Questions piled up, one after another. He had to know the truth. Returning to the Ducal Mansion for the first time in five years, Ekian’s gaze darkened. His entire existence was being dismantled by Judith—the woman who had, by some twist of fate, become his fake wife.
* * *
Bart lay panting on the cold stone floor of the dungeon.
The Duke’s interrogation had been vicious. He had expected it, but the reality was agonizing. Still, he had already swallowed the poison. They didn’t know it yet, but once it took hold, he would be dead.
‘To think that wench worked at a pharmacy…’ Bart gnashed his teeth, gasping for air.
If he had only been able to dose them for one more year, he could have wiped out the Duke and Duchess entirely. No, since he had been drugging Karl’s tea as well, he could have eradicated the entire Mayous bloodline. That was his greatest regret. To him, the name Mayous was synonymous with pure hatred.
‘Your Majesty,’ he muttered in his heart, his malice burning. ‘Please, ensure the Mayous line is destroyed.’
It was a personal vendetta, a hatred that transcended simple loyalty.
Then, it happened. The Duke had stepped away to check on the Duchess, and the guards outside the cell slumped silently to the floor.
‘What is this?’ Bart frowned, lifting his head. As he looked at the figure standing silently outside his bars, his breath hitched.
“Long time no see, Bart.”
A man with a sturdy, powerful build stood among the unconscious guards. Even through the mask, Bart knew exactly who it was.
“Ah, I suppose this is the first time you’ve seen me like this.”
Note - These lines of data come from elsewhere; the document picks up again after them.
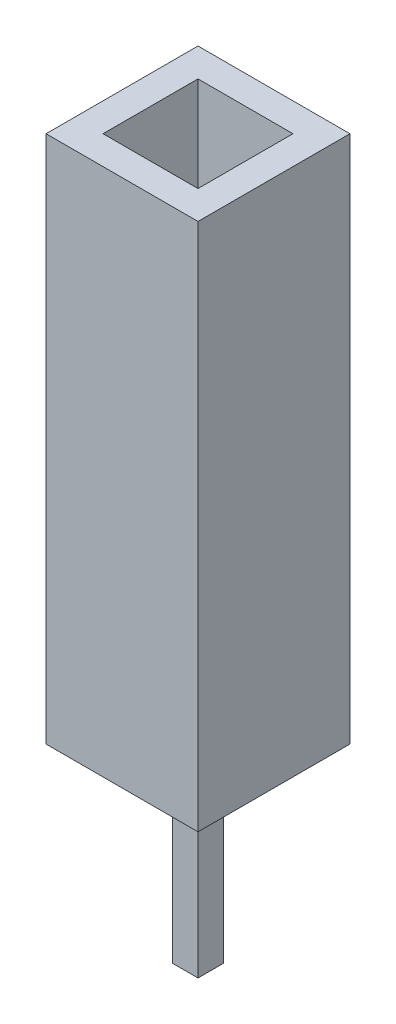
ISO-10303-21;
HEADER;
FILE_DESCRIPTION(('STEP AP214'),'2;1');
FILE_NAME('part.step','',(''),(''),'','','');
FILE_SCHEMA(('AUTOMOTIVE_DESIGN { 1 0 10303 214 1 1 1 1 }'));
ENDSEC;
DATA;
#1=APPLICATION_CONTEXT('core data for automotive mechanical design processes');
#2=APPLICATION_PROTOCOL_DEFINITION('international standard','automotive_design',2000,#1);
#3=PRODUCT_CONTEXT('',#1,'mechanical');
#4=PRODUCT('Part','Part','',(#3));
#5=PRODUCT_RELATED_PRODUCT_CATEGORY('part','',(#4));
#6=PRODUCT_DEFINITION_FORMATION('','',#4);
#7=PRODUCT_DEFINITION_CONTEXT('part definition',#1,'design');
#8=PRODUCT_DEFINITION('design','',#6,#7);
#9=PRODUCT_DEFINITION_SHAPE('','',#8);
#10=(LENGTH_UNIT() NAMED_UNIT(*) SI_UNIT(.MILLI.,.METRE.));
#11=(NAMED_UNIT(*) PLANE_ANGLE_UNIT() SI_UNIT($,.RADIAN.));
#12=(NAMED_UNIT(*) SI_UNIT($,.STERADIAN.) SOLID_ANGLE_UNIT());
#13=UNCERTAINTY_MEASURE_WITH_UNIT(LENGTH_MEASURE(1.E-05),#10,'distance_accuracy_value','');
#14=(GEOMETRIC_REPRESENTATION_CONTEXT(3) GLOBAL_UNCERTAINTY_ASSIGNED_CONTEXT((#13)) GLOBAL_UNIT_ASSIGNED_CONTEXT((#10,
#11,#12)) REPRESENTATION_CONTEXT('',''));
#15=CARTESIAN_POINT('',(0.,0.,0.));
#16=DIRECTION('',(0.,0.,1.));
#17=DIRECTION('',(1.,0.,0.));
#18=AXIS2_PLACEMENT_3D('',#15,#16,#17);
#19=CARTESIAN_POINT('',(-1.2,8.35,-1.2));
#20=DIRECTION('',(1.,0.,0.));
#21=DIRECTION('',(0.,0.,-1.));
#22=AXIS2_PLACEMENT_3D('',#19,#20,#21);
#23=PLANE('',#22);
#24=DIRECTION('',(0.,0.,1.));
#25=VECTOR('',#24,1.);
#26=CARTESIAN_POINT('',(-1.2,0.,-1.2));
#27=LINE('',#26,#25);
#28=CARTESIAN_POINT('',(-1.2,0.,-1.2));
#29=VERTEX_POINT('',#28);
#30=CARTESIAN_POINT('',(-1.2,0.,1.2));
#31=VERTEX_POINT('',#30);
#32=EDGE_CURVE('E181',#29,#31,#27,.T.);
#33=ORIENTED_EDGE('',*,*,#32,.T.);
#34=DIRECTION('',(0.,-1.,0.));
#35=VECTOR('',#34,1.);
#36=CARTESIAN_POINT('',(-1.2,8.35,1.2));
#37=LINE('',#36,#35);
#38=CARTESIAN_POINT('',(-1.2,8.35,1.2));
#39=VERTEX_POINT('',#38);
#40=EDGE_CURVE('E11',#39,#31,#37,.T.);
#41=ORIENTED_EDGE('',*,*,#40,.F.);
#42=DIRECTION('',(0.,0.,1.));
#43=VECTOR('',#42,1.);
#44=CARTESIAN_POINT('',(-1.2,8.35,-1.2));
#45=LINE('',#44,#43);
#46=CARTESIAN_POINT('',(-1.2,8.35,-1.2));
#47=VERTEX_POINT('',#46);
#48=EDGE_CURVE('E188',#47,#39,#45,.T.);
#49=ORIENTED_EDGE('',*,*,#48,.F.);
#50=DIRECTION('',(0.,-1.,0.));
#51=VECTOR('',#50,1.);
#52=CARTESIAN_POINT('',(-1.2,8.35,-1.2));
#53=LINE('',#52,#51);
#54=EDGE_CURVE('E198',#47,#29,#53,.T.);
#55=ORIENTED_EDGE('',*,*,#54,.T.);
#56=EDGE_LOOP('',(#33,#41,#49,#55));
#57=FACE_BOUND('',#56,.T.);
#58=ADVANCED_FACE('F42',(#57),#23,.F.);
#59=CARTESIAN_POINT('',(1.2,8.35,1.2));
#60=DIRECTION('',(0.,0.,-1.));
#61=DIRECTION('',(-1.,0.,0.));
#62=AXIS2_PLACEMENT_3D('',#59,#60,#61);
#63=PLANE('',#62);
#64=DIRECTION('',(1.,0.,0.));
#65=VECTOR('',#64,1.);
#66=CARTESIAN_POINT('',(1.2,0.,1.2));
#67=LINE('',#66,#65);
#68=CARTESIAN_POINT('',(1.2,0.,1.2));
#69=VERTEX_POINT('',#68);
#70=EDGE_CURVE('E201',#31,#69,#67,.T.);
#71=ORIENTED_EDGE('',*,*,#70,.T.);
#72=DIRECTION('',(0.,-1.,0.));
#73=VECTOR('',#72,1.);
#74=CARTESIAN_POINT('',(1.2,8.35,1.2));
#75=LINE('',#74,#73);
#76=CARTESIAN_POINT('',(1.2,8.35,1.2));
#77=VERTEX_POINT('',#76);
#78=EDGE_CURVE('E49',#77,#69,#75,.T.);
#79=ORIENTED_EDGE('',*,*,#78,.F.);
#80=DIRECTION('',(1.,0.,0.));
#81=VECTOR('',#80,1.);
#82=CARTESIAN_POINT('',(1.2,8.35,1.2));
#83=LINE('',#82,#81);
#84=EDGE_CURVE('E191',#39,#77,#83,.T.);
#85=ORIENTED_EDGE('',*,*,#84,.F.);
#86=ORIENTED_EDGE('',*,*,#40,.T.);
#87=EDGE_LOOP('',(#71,#79,#85,#86));
#88=FACE_BOUND('',#87,.T.);
#89=ADVANCED_FACE('F231',(#88),#63,.F.);
#90=CARTESIAN_POINT('',(1.2,8.35,-1.2));
#91=DIRECTION('',(-1.,0.,0.));
#92=DIRECTION('',(0.,0.,1.));
#93=AXIS2_PLACEMENT_3D('',#90,#91,#92);
#94=PLANE('',#93);
#95=DIRECTION('',(0.,0.,-1.));
#96=VECTOR('',#95,1.);
#97=CARTESIAN_POINT('',(1.2,0.,-1.2));
#98=LINE('',#97,#96);
#99=CARTESIAN_POINT('',(1.2,0.,-1.2));
#100=VERTEX_POINT('',#99);
#101=EDGE_CURVE('E203',#69,#100,#98,.T.);
#102=ORIENTED_EDGE('',*,*,#101,.T.);
#103=DIRECTION('',(0.,-1.,0.));
#104=VECTOR('',#103,1.);
#105=CARTESIAN_POINT('',(1.2,8.35,-1.2));
#106=LINE('',#105,#104);
#107=CARTESIAN_POINT('',(1.2,8.35,-1.2));
#108=VERTEX_POINT('',#107);
#109=EDGE_CURVE('E208',#108,#100,#106,.T.);
#110=ORIENTED_EDGE('',*,*,#109,.F.);
#111=DIRECTION('',(0.,0.,-1.));
#112=VECTOR('',#111,1.);
#113=CARTESIAN_POINT('',(1.2,8.35,-1.2));
#114=LINE('',#113,#112);
#115=EDGE_CURVE('E194',#77,#108,#114,.T.);
#116=ORIENTED_EDGE('',*,*,#115,.F.);
#117=ORIENTED_EDGE('',*,*,#78,.T.);
#118=EDGE_LOOP('',(#102,#110,#116,#117));
#119=FACE_BOUND('',#118,.T.);
#120=ADVANCED_FACE('F215',(#119),#94,.F.);
#121=CARTESIAN_POINT('',(1.2,8.35,-1.2));
#122=DIRECTION('',(0.,0.,1.));
#123=DIRECTION('',(1.,0.,0.));
#124=AXIS2_PLACEMENT_3D('',#121,#122,#123);
#125=PLANE('',#124);
#126=DIRECTION('',(-1.,0.,0.));
#127=VECTOR('',#126,1.);
#128=CARTESIAN_POINT('',(1.2,0.,-1.2));
#129=LINE('',#128,#127);
#130=EDGE_CURVE('E192',#100,#29,#129,.T.);
#131=ORIENTED_EDGE('',*,*,#130,.T.);
#132=ORIENTED_EDGE('',*,*,#54,.F.);
#133=DIRECTION('',(-1.,0.,0.));
#134=VECTOR('',#133,1.);
#135=CARTESIAN_POINT('',(1.2,8.35,-1.2));
#136=LINE('',#135,#134);
#137=EDGE_CURVE('E196',#108,#47,#136,.T.);
#138=ORIENTED_EDGE('',*,*,#137,.F.);
#139=ORIENTED_EDGE('',*,*,#109,.T.);
#140=EDGE_LOOP('',(#131,#132,#138,#139));
#141=FACE_BOUND('',#140,.T.);
#142=ADVANCED_FACE('F224',(#141),#125,.F.);
#143=CARTESIAN_POINT('',(0.,8.35,0.));
#144=DIRECTION('',(0.,-1.,0.));
#145=DIRECTION('',(0.,0.,-1.));
#146=AXIS2_PLACEMENT_3D('',#143,#144,#145);
#147=PLANE('',#146);
#148=DIRECTION('',(-1.,0.,0.));
#149=VECTOR('',#148,1.);
#150=CARTESIAN_POINT('',(-0.75,8.35,-0.75));
#151=LINE('',#150,#149);
#152=CARTESIAN_POINT('',(0.75,8.35,-0.75));
#153=VERTEX_POINT('',#152);
#154=CARTESIAN_POINT('',(-0.75,8.35,-0.75));
#155=VERTEX_POINT('',#154);
#156=EDGE_CURVE('E152',#153,#155,#151,.T.);
#157=ORIENTED_EDGE('',*,*,#156,.F.);
#158=DIRECTION('',(0.,0.,-1.));
#159=VECTOR('',#158,1.);
#160=CARTESIAN_POINT('',(0.75,8.35,0.75));
#161=LINE('',#160,#159);
#162=CARTESIAN_POINT('',(0.75,8.35,0.75));
#163=VERTEX_POINT('',#162);
#164=EDGE_CURVE('E150',#163,#153,#161,.T.);
#165=ORIENTED_EDGE('',*,*,#164,.F.);
#166=DIRECTION('',(1.,0.,0.));
#167=VECTOR('',#166,1.);
#168=CARTESIAN_POINT('',(-0.75,8.35,0.75));
#169=LINE('',#168,#167);
#170=CARTESIAN_POINT('',(-0.75,8.35,0.75));
#171=VERTEX_POINT('',#170);
#172=EDGE_CURVE('E162',#171,#163,#169,.T.);
#173=ORIENTED_EDGE('',*,*,#172,.F.);
#174=DIRECTION('',(0.,0.,1.));
#175=VECTOR('',#174,1.);
#176=CARTESIAN_POINT('',(-0.75,8.35,0.75));
#177=LINE('',#176,#175);
#178=EDGE_CURVE('E174',#155,#171,#177,.T.);
#179=ORIENTED_EDGE('',*,*,#178,.F.);
#180=EDGE_LOOP('',(#157,#165,#173,#179));
#181=FACE_BOUND('',#180,.T.);
#182=ORIENTED_EDGE('',*,*,#48,.T.);
#183=ORIENTED_EDGE('',*,*,#84,.T.);
#184=ORIENTED_EDGE('',*,*,#115,.T.);
#185=ORIENTED_EDGE('',*,*,#137,.T.);
#186=EDGE_LOOP('',(#182,#183,#184,#185));
#187=FACE_BOUND('',#186,.T.);
#188=ADVANCED_FACE('F230',(#181,#187),#147,.F.);
#189=CARTESIAN_POINT('',(0.,0.,0.));
#190=DIRECTION('',(0.,-1.,0.));
#191=DIRECTION('',(0.,0.,-1.));
#192=AXIS2_PLACEMENT_3D('',#189,#190,#191);
#193=PLANE('',#192);
#194=DIRECTION('',(0.,0.,1.));
#195=VECTOR('',#194,1.);
#196=CARTESIAN_POINT('',(0.2,0.,0.2));
#197=LINE('',#196,#195);
#198=CARTESIAN_POINT('',(0.2,0.,-0.2));
#199=VERTEX_POINT('',#198);
#200=CARTESIAN_POINT('',(0.2,0.,0.2));
#201=VERTEX_POINT('',#200);
#202=EDGE_CURVE('E56',#199,#201,#197,.T.);
#203=ORIENTED_EDGE('',*,*,#202,.F.);
#204=DIRECTION('',(1.,0.,0.));
#205=VECTOR('',#204,1.);
#206=CARTESIAN_POINT('',(-0.2,0.,-0.2));
#207=LINE('',#206,#205);
#208=CARTESIAN_POINT('',(-0.2,0.,-0.2));
#209=VERTEX_POINT('',#208);
#210=EDGE_CURVE('E60',#209,#199,#207,.T.);
#211=ORIENTED_EDGE('',*,*,#210,.F.);
#212=DIRECTION('',(0.,0.,-1.));
#213=VECTOR('',#212,1.);
#214=CARTESIAN_POINT('',(-0.2,0.,0.2));
#215=LINE('',#214,#213);
#216=CARTESIAN_POINT('',(-0.2,0.,0.2));
#217=VERTEX_POINT('',#216);
#218=EDGE_CURVE('E440',#217,#209,#215,.T.);
#219=ORIENTED_EDGE('',*,*,#218,.F.);
#220=DIRECTION('',(-1.,0.,0.));
#221=VECTOR('',#220,1.);
#222=CARTESIAN_POINT('',(-0.2,0.,0.2));
#223=LINE('',#222,#221);
#224=EDGE_CURVE('E446',#201,#217,#223,.T.);
#225=ORIENTED_EDGE('',*,*,#224,.F.);
#226=EDGE_LOOP('',(#203,#211,#219,#225));
#227=FACE_BOUND('',#226,.T.);
#228=ORIENTED_EDGE('',*,*,#32,.F.);
#229=ORIENTED_EDGE('',*,*,#130,.F.);
#230=ORIENTED_EDGE('',*,*,#101,.F.);
#231=ORIENTED_EDGE('',*,*,#70,.F.);
#232=EDGE_LOOP('',(#228,#229,#230,#231));
#233=FACE_BOUND('',#232,.T.);
#234=ADVANCED_FACE('F221',(#227,#233),#193,.T.);
#235=CARTESIAN_POINT('',(0.75,0.35,0.75));
#236=DIRECTION('',(1.,0.,0.));
#237=DIRECTION('',(0.,0.,-1.));
#238=AXIS2_PLACEMENT_3D('',#235,#236,#237);
#239=PLANE('',#238);
#240=ORIENTED_EDGE('',*,*,#164,.T.);
#241=DIRECTION('',(0.,1.,0.));
#242=VECTOR('',#241,1.);
#243=CARTESIAN_POINT('',(0.75,0.35,-0.75));
#244=LINE('',#243,#242);
#245=CARTESIAN_POINT('',(0.75,0.35,-0.75));
#246=VERTEX_POINT('',#245);
#247=EDGE_CURVE('E170',#246,#153,#244,.T.);
#248=ORIENTED_EDGE('',*,*,#247,.F.);
#249=DIRECTION('',(0.,0.,-1.));
#250=VECTOR('',#249,1.);
#251=CARTESIAN_POINT('',(0.75,0.35,0.75));
#252=LINE('',#251,#250);
#253=CARTESIAN_POINT('',(0.75,0.35,0.75));
#254=VERTEX_POINT('',#253);
#255=EDGE_CURVE('E158',#254,#246,#252,.T.);
#256=ORIENTED_EDGE('',*,*,#255,.F.);
#257=DIRECTION('',(0.,1.,0.));
#258=VECTOR('',#257,1.);
#259=CARTESIAN_POINT('',(0.75,0.35,0.75));
#260=LINE('',#259,#258);
#261=EDGE_CURVE('E179',#254,#163,#260,.T.);
#262=ORIENTED_EDGE('',*,*,#261,.T.);
#263=EDGE_LOOP('',(#240,#248,#256,#262));
#264=FACE_BOUND('',#263,.T.);
#265=ADVANCED_FACE('F243',(#264),#239,.F.);
#266=CARTESIAN_POINT('',(-0.75,0.35,0.75));
#267=DIRECTION('',(0.,0.,1.));
#268=DIRECTION('',(1.,0.,0.));
#269=AXIS2_PLACEMENT_3D('',#266,#267,#268);
#270=PLANE('',#269);
#271=ORIENTED_EDGE('',*,*,#172,.T.);
#272=ORIENTED_EDGE('',*,*,#261,.F.);
#273=DIRECTION('',(1.,0.,0.));
#274=VECTOR('',#273,1.);
#275=CARTESIAN_POINT('',(-0.75,0.35,0.75));
#276=LINE('',#275,#274);
#277=CARTESIAN_POINT('',(-0.75,0.35,0.75));
#278=VERTEX_POINT('',#277);
#279=EDGE_CURVE('E168',#278,#254,#276,.T.);
#280=ORIENTED_EDGE('',*,*,#279,.F.);
#281=DIRECTION('',(0.,1.,0.));
#282=VECTOR('',#281,1.);
#283=CARTESIAN_POINT('',(-0.75,0.35,0.75));
#284=LINE('',#283,#282);
#285=EDGE_CURVE('E182',#278,#171,#284,.T.);
#286=ORIENTED_EDGE('',*,*,#285,.T.);
#287=EDGE_LOOP('',(#271,#272,#280,#286));
#288=FACE_BOUND('',#287,.T.);
#289=ADVANCED_FACE('F249',(#288),#270,.F.);
#290=CARTESIAN_POINT('',(-0.75,0.35,0.75));
#291=DIRECTION('',(-1.,0.,0.));
#292=DIRECTION('',(0.,0.,1.));
#293=AXIS2_PLACEMENT_3D('',#290,#291,#292);
#294=PLANE('',#293);
#295=ORIENTED_EDGE('',*,*,#178,.T.);
#296=ORIENTED_EDGE('',*,*,#285,.F.);
#297=DIRECTION('',(0.,0.,1.));
#298=VECTOR('',#297,1.);
#299=CARTESIAN_POINT('',(-0.75,0.35,0.75));
#300=LINE('',#299,#298);
#301=CARTESIAN_POINT('',(-0.75,0.35,-0.75));
#302=VERTEX_POINT('',#301);
#303=EDGE_CURVE('E165',#302,#278,#300,.T.);
#304=ORIENTED_EDGE('',*,*,#303,.F.);
#305=DIRECTION('',(0.,1.,0.));
#306=VECTOR('',#305,1.);
#307=CARTESIAN_POINT('',(-0.75,0.35,-0.75));
#308=LINE('',#307,#306);
#309=EDGE_CURVE('E184',#302,#155,#308,.T.);
#310=ORIENTED_EDGE('',*,*,#309,.T.);
#311=EDGE_LOOP('',(#295,#296,#304,#310));
#312=FACE_BOUND('',#311,.T.);
#313=ADVANCED_FACE('F255',(#312),#294,.F.);
#314=CARTESIAN_POINT('',(-0.75,0.35,-0.75));
#315=DIRECTION('',(0.,0.,-1.));
#316=DIRECTION('',(-1.,0.,0.));
#317=AXIS2_PLACEMENT_3D('',#314,#315,#316);
#318=PLANE('',#317);
#319=ORIENTED_EDGE('',*,*,#156,.T.);
#320=ORIENTED_EDGE('',*,*,#309,.F.);
#321=DIRECTION('',(-1.,0.,0.));
#322=VECTOR('',#321,1.);
#323=CARTESIAN_POINT('',(-0.75,0.35,-0.75));
#324=LINE('',#323,#322);
#325=EDGE_CURVE('E161',#246,#302,#324,.T.);
#326=ORIENTED_EDGE('',*,*,#325,.F.);
#327=ORIENTED_EDGE('',*,*,#247,.T.);
#328=EDGE_LOOP('',(#319,#320,#326,#327));
#329=FACE_BOUND('',#328,.T.);
#330=ADVANCED_FACE('F251',(#329),#318,.F.);
#331=CARTESIAN_POINT('',(0.,0.35,0.));
#332=DIRECTION('',(0.,-1.,0.));
#333=DIRECTION('',(0.,0.,-1.));
#334=AXIS2_PLACEMENT_3D('',#331,#332,#333);
#335=PLANE('',#334);
#336=ORIENTED_EDGE('',*,*,#255,.T.);
#337=ORIENTED_EDGE('',*,*,#325,.T.);
#338=ORIENTED_EDGE('',*,*,#303,.T.);
#339=ORIENTED_EDGE('',*,*,#279,.T.);
#340=EDGE_LOOP('',(#336,#337,#338,#339));
#341=FACE_BOUND('',#340,.T.);
#342=ADVANCED_FACE('F254',(#341),#335,.F.);
#343=CARTESIAN_POINT('',(0.2,-3.,0.2));
#344=DIRECTION('',(-1.,0.,0.));
#345=DIRECTION('',(0.,0.,1.));
#346=AXIS2_PLACEMENT_3D('',#343,#344,#345);
#347=PLANE('',#346);
#348=ORIENTED_EDGE('',*,*,#202,.T.);
#349=DIRECTION('',(0.,1.,0.));
#350=VECTOR('',#349,1.);
#351=CARTESIAN_POINT('',(0.2,-3.,0.2));
#352=LINE('',#351,#350);
#353=CARTESIAN_POINT('',(0.2,-3.,0.2));
#354=VERTEX_POINT('',#353);
#355=EDGE_CURVE('E133',#354,#201,#352,.T.);
#356=ORIENTED_EDGE('',*,*,#355,.F.);
#357=DIRECTION('',(0.,0.,1.));
#358=VECTOR('',#357,1.);
#359=CARTESIAN_POINT('',(0.2,-3.,0.2));
#360=LINE('',#359,#358);
#361=CARTESIAN_POINT('',(0.2,-3.,-0.2));
#362=VERTEX_POINT('',#361);
#363=EDGE_CURVE('E139',#362,#354,#360,.T.);
#364=ORIENTED_EDGE('',*,*,#363,.F.);
#365=DIRECTION('',(0.,1.,0.));
#366=VECTOR('',#365,1.);
#367=CARTESIAN_POINT('',(0.2,-3.,-0.2));
#368=LINE('',#367,#366);
#369=EDGE_CURVE('E438',#362,#199,#368,.T.);
#370=ORIENTED_EDGE('',*,*,#369,.T.);
#371=EDGE_LOOP('',(#348,#356,#364,#370));
#372=FACE_BOUND('',#371,.T.);
#373=ADVANCED_FACE('F149',(#372),#347,.F.);
#374=CARTESIAN_POINT('',(-0.2,-3.,0.2));
#375=DIRECTION('',(0.,0.,-1.));
#376=DIRECTION('',(-1.,0.,0.));
#377=AXIS2_PLACEMENT_3D('',#374,#375,#376);
#378=PLANE('',#377);
#379=ORIENTED_EDGE('',*,*,#224,.T.);
#380=DIRECTION('',(0.,1.,0.));
#381=VECTOR('',#380,1.);
#382=CARTESIAN_POINT('',(-0.2,-3.,0.2));
#383=LINE('',#382,#381);
#384=CARTESIAN_POINT('',(-0.2,-3.,0.2));
#385=VERTEX_POINT('',#384);
#386=EDGE_CURVE('E135',#385,#217,#383,.T.);
#387=ORIENTED_EDGE('',*,*,#386,.F.);
#388=DIRECTION('',(-1.,0.,0.));
#389=VECTOR('',#388,1.);
#390=CARTESIAN_POINT('',(-0.2,-3.,0.2));
#391=LINE('',#390,#389);
#392=EDGE_CURVE('E128',#354,#385,#391,.T.);
#393=ORIENTED_EDGE('',*,*,#392,.F.);
#394=ORIENTED_EDGE('',*,*,#355,.T.);
#395=EDGE_LOOP('',(#379,#387,#393,#394));
#396=FACE_BOUND('',#395,.T.);
#397=ADVANCED_FACE('F131',(#396),#378,.F.);
#398=CARTESIAN_POINT('',(-0.2,-3.,0.2));
#399=DIRECTION('',(1.,0.,0.));
#400=DIRECTION('',(0.,0.,-1.));
#401=AXIS2_PLACEMENT_3D('',#398,#399,#400);
#402=PLANE('',#401);
#403=ORIENTED_EDGE('',*,*,#218,.T.);
#404=DIRECTION('',(0.,1.,0.));
#405=VECTOR('',#404,1.);
#406=CARTESIAN_POINT('',(-0.2,-3.,-0.2));
#407=LINE('',#406,#405);
#408=CARTESIAN_POINT('',(-0.2,-3.,-0.2));
#409=VERTEX_POINT('',#408);
#410=EDGE_CURVE('E154',#409,#209,#407,.T.);
#411=ORIENTED_EDGE('',*,*,#410,.F.);
#412=DIRECTION('',(0.,0.,-1.));
#413=VECTOR('',#412,1.);
#414=CARTESIAN_POINT('',(-0.2,-3.,0.2));
#415=LINE('',#414,#413);
#416=EDGE_CURVE('E138',#385,#409,#415,.T.);
#417=ORIENTED_EDGE('',*,*,#416,.F.);
#418=ORIENTED_EDGE('',*,*,#386,.T.);
#419=EDGE_LOOP('',(#403,#411,#417,#418));
#420=FACE_BOUND('',#419,.T.);
#421=ADVANCED_FACE('F270',(#420),#402,.F.);
#422=CARTESIAN_POINT('',(-0.2,-3.,-0.2));
#423=DIRECTION('',(0.,0.,1.));
#424=DIRECTION('',(1.,0.,0.));
#425=AXIS2_PLACEMENT_3D('',#422,#423,#424);
#426=PLANE('',#425);
#427=ORIENTED_EDGE('',*,*,#210,.T.);
#428=ORIENTED_EDGE('',*,*,#369,.F.);
#429=DIRECTION('',(1.,0.,0.));
#430=VECTOR('',#429,1.);
#431=CARTESIAN_POINT('',(-0.2,-3.,-0.2));
#432=LINE('',#431,#430);
#433=EDGE_CURVE('E144',#409,#362,#432,.T.);
#434=ORIENTED_EDGE('',*,*,#433,.F.);
#435=ORIENTED_EDGE('',*,*,#410,.T.);
#436=EDGE_LOOP('',(#427,#428,#434,#435));
#437=FACE_BOUND('',#436,.T.);
#438=ADVANCED_FACE('F273',(#437),#426,.F.);
#439=CARTESIAN_POINT('',(0.,-3.,0.));
#440=DIRECTION('',(0.,-1.,0.));
#441=DIRECTION('',(0.,0.,-1.));
#442=AXIS2_PLACEMENT_3D('',#439,#440,#441);
#443=PLANE('',#442);
#444=ORIENTED_EDGE('',*,*,#363,.T.);
#445=ORIENTED_EDGE('',*,*,#392,.T.);
#446=ORIENTED_EDGE('',*,*,#416,.T.);
#447=ORIENTED_EDGE('',*,*,#433,.T.);
#448=EDGE_LOOP('',(#444,#445,#446,#447));
#449=FACE_BOUND('',#448,.T.);
#450=ADVANCED_FACE('F142',(#449),#443,.T.);
#451=CLOSED_SHELL('',(#58,#89,#120,#142,#188,#234,#265,#289,#313,#330,#342,#373,#397,#421,#438,#450));
#452=MANIFOLD_SOLID_BREP('B2',#451);
#453=ADVANCED_BREP_SHAPE_REPRESENTATION('',(#18,#452),#14);
#454=SHAPE_DEFINITION_REPRESENTATION(#9,#453);
ENDSEC;
END-ISO-10303-21;

The man removed his white mask. The moonlight filtering into the dungeon revealed him: jet-black hair, cool, dark-red eyes, and a physique that moved with a lethal, noble grace. He was a man who could make anyone tremble with a single look—an elegant beast.
“Ha…”
The Ekian that Bart remembered had been a seventeen-year-old boy, standing on the threshold of adulthood. The man before him, forged by the storms of the world, possessed a terrifying, fathomless aura.
Bart’s knees trembled. Without realizing it, he whispered, “Ekian… Young Duke.”